# Need help with sourcing bunny pen materials!



## beccabeau (Jun 11, 2013)

Hey all, 

I was wondering if anyone knows where I could get some materials to make a bunny pen?

It's a bit of a strange request, however, because I'm splitting a room in half and only need a straight bit of wire/ pen, but I need it to fold/ roll up so that I can store it when Pip is in his cage at night/ while I'm out at work. 

I'll do my best to explain what I mean!!

Pip lives in my bedroom, which is pretty much just a big cube. My bed is in one half and Pip's cage is opposite the end of my bed, against the wall. What I want to do is split the room across the middle with something- this is mainly to stop him getting under my bed and also means I can sit at my desk and work while he is out (and don't have to worry about him getting at my cables)

My question is, what can I use? 
The 'wall' needs to be 12ft long (width of one wall to my wardrobe) and at least 32" high (so that it should be future proof for when Pip's bigger)
It also needs to be able to fold up or roll for easy storage (I was thinking chicken wire- but I don't know if this is sturdy enough to make a wall across my room.

I've looked at runs and pens, but ideally I want him to have access to the biggest space and to be able to go back in his cage (as he goes in to use the toilet, and it means as little disruption for him as possible!)

Another factor in this is money- I've looked online and the best thing suited to my needs is something like this, but folded out straight- 






But I'm not sure if it would be long enough to reach both ends of my room, and they tend to be really overpriced. 


I ideally need to get materials to make this today to let him run around tonight- last night my bunny proofing didn't go so well and he got under my bed and it took an age to get him out again!

I'm in the UK if it helps, and have access to a Homebase/ Dobbies and B&Q this afternoon 

Thanks guys!
x B


----------



## curiouscarrot (Jun 11, 2013)

Could you just block off under your bed with underbed storage or something like that? Otherwise, you could use plastic garden trellis or aviary mesh with some sort of uprights to attach it to.


----------



## beccabeau (Jun 11, 2013)

Hi curiouscarrot- 
Unfortunately, my bed is a bit of a strange one- the gap is too small for storage boxes (less than 10cm) but ideal for a bunny to hop around under  I might look into the garden trellis idea- I might need to use my ultimate DIY skills for this problem haha!

Thanks x B


----------



## curiouscarrot (Jun 11, 2013)

beccabeau said:


> (less than 10cm)


You could build a box to shove under there?

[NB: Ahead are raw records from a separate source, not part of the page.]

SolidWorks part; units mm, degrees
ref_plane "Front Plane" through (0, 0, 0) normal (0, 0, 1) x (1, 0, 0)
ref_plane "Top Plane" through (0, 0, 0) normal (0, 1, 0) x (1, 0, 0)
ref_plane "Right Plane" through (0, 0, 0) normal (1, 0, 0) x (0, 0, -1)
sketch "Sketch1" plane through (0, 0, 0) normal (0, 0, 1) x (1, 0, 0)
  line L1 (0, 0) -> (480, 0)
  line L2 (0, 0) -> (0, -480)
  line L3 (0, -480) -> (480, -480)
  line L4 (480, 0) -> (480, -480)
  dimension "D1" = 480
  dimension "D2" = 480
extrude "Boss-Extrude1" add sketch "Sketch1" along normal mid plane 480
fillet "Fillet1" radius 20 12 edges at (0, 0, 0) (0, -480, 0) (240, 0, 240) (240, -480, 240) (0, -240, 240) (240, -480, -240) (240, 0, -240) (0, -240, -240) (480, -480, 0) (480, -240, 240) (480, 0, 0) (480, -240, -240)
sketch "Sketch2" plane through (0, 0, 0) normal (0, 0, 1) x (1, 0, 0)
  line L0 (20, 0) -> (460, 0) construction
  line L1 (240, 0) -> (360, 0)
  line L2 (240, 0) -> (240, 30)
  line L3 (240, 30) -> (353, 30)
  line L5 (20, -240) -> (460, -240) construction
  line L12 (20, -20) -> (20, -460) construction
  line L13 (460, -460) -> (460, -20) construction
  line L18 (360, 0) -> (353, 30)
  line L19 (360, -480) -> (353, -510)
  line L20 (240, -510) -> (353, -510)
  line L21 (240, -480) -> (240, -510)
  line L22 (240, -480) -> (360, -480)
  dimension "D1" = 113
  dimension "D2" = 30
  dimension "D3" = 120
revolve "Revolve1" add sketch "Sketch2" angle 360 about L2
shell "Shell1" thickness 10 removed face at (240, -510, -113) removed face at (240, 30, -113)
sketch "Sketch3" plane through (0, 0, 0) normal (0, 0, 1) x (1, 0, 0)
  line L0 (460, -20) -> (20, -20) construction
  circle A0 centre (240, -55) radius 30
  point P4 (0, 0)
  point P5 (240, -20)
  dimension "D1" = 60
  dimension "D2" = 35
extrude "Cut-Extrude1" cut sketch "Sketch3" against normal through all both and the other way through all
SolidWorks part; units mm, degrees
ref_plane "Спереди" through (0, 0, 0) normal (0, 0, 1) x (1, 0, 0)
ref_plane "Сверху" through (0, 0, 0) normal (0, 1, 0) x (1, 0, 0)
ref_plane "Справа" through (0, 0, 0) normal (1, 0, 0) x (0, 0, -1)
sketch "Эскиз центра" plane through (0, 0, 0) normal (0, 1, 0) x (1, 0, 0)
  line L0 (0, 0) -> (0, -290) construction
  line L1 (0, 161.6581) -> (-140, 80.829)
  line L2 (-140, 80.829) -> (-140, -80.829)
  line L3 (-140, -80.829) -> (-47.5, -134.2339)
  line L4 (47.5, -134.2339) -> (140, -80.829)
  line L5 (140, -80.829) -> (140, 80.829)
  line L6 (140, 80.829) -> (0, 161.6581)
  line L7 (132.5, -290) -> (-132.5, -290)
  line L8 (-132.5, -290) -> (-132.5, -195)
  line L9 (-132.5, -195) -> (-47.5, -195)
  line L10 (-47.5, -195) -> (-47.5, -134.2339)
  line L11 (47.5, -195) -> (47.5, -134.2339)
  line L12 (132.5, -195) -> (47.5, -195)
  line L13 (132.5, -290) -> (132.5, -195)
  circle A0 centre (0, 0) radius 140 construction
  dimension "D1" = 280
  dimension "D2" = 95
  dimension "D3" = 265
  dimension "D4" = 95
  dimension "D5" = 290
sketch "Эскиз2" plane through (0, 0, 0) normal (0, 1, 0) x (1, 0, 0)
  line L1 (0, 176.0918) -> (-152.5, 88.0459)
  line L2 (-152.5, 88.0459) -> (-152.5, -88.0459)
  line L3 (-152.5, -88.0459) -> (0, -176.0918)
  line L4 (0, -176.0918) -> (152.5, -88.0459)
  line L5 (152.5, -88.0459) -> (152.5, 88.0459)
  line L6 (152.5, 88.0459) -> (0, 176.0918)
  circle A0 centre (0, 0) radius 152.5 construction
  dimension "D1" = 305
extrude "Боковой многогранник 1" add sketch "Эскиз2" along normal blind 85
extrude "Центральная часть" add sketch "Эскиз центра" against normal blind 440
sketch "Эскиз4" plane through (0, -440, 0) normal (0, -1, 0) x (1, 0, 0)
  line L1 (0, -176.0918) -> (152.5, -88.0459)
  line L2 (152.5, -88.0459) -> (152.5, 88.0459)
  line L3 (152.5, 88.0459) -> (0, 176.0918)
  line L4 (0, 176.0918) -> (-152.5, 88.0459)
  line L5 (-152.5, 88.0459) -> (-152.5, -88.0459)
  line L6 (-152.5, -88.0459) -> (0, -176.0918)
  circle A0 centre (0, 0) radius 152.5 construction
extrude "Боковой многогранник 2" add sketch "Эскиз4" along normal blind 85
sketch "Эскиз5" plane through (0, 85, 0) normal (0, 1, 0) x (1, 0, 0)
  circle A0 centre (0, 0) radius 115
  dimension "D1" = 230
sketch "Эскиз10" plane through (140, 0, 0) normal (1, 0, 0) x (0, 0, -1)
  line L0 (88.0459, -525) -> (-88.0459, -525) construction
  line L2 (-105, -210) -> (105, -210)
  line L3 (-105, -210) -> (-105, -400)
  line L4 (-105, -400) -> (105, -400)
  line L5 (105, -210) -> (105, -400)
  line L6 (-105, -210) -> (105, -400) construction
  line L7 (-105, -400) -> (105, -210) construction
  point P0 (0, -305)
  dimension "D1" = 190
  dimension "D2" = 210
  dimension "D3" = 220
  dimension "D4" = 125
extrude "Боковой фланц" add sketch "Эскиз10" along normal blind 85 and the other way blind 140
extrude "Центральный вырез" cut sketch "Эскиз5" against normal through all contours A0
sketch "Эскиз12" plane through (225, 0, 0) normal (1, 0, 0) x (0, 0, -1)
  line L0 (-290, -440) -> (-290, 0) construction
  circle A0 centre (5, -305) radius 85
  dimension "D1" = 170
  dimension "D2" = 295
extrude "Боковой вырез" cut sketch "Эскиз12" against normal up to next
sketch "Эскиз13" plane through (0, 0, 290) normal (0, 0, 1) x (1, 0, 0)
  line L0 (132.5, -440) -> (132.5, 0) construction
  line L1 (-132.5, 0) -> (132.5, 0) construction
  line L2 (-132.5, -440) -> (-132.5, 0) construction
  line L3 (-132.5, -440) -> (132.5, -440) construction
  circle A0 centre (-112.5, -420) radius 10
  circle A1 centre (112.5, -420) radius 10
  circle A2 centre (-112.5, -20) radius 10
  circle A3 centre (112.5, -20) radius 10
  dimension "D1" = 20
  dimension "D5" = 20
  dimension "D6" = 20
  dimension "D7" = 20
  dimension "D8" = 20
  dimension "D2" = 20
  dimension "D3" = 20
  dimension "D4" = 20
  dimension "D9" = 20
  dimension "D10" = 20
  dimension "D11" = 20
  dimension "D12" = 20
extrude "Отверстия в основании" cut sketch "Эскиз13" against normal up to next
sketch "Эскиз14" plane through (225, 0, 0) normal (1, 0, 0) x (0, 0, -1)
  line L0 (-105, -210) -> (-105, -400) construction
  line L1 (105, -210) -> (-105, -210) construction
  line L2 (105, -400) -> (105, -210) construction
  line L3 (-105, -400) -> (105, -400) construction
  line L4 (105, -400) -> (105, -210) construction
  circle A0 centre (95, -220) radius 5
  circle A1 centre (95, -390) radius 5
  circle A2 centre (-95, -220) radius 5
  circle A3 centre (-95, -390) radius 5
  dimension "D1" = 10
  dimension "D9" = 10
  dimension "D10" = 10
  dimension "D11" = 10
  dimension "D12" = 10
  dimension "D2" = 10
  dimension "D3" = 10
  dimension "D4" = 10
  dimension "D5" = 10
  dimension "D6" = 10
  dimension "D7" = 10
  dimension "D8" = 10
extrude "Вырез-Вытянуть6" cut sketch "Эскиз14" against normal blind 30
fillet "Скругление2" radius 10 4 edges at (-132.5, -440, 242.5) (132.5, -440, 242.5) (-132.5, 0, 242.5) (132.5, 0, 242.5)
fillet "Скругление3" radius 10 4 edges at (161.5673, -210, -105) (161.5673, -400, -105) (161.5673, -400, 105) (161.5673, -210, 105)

You wouldn't even need to use timber, you could score and fold a cardboard box.


----------



## sgbinky (Jun 11, 2013)

We hook ourselves with connecting dog playpens here. But rabbits can be clever things at times - putting their nose below them to flip them over. We had to use book weights and cable ties for prevention. I hope my two cents worth advice help..


----------



## beccabeau (Jun 11, 2013)

Yeah, I was thinking about getting something that connected (like on hinges) because then it would fold. 
Good call about the weights- my little bun seems to be a tricksy clever thing. No doubt he'd try and tip the frame over!


----------



## Nancy McClelland (Jun 11, 2013)

We got a playpen similar to the picture that folds up when not in use. Extra space when they are out and can be put away under a bed or in a closet.


----------



## Lorelei (Jun 11, 2013)

I would think about making it at least 36" high. I don't know if you have a dwarf rabbit or a larger breed, but mine weighs 7 lbs and can easily clear a 32" gate. I ended getting him a 42" high x-pen which works great. I would look for used dog x-pens at garage sales or on craigslist or the equivalent, and then sterilizing the heck out of them.


----------



## beccabeau (Jun 18, 2013)

Hi all! Thought I would update this thread with what I pulled together to mke my (kinda) finished fence barrier  






(apologies for the state of my room!)


----------



## KeltonB (Jun 18, 2013)

beccabeau said:


> Hi all! Thought I would update this thread with what I pulled together to mke my (kinda) finished fence barrier



That's pretty cool! Is it two separate sections? Looks like one of two panels and one of three panels?


----------



## beccabeau (Jun 18, 2013)

Thanks!

Yeah, there's two there that are overlapping- They're both 3 panels long, and I've got another one in the garden that's still to be finished- it just gives me the flexibility of where Pip runs around. The plan is to be able to cable tie them together and make different shapes of run, depending on how much of my room I want to move around in


----------



## beccabeau (Jun 18, 2013)

and just to show what it looks like when it's not being used.


----------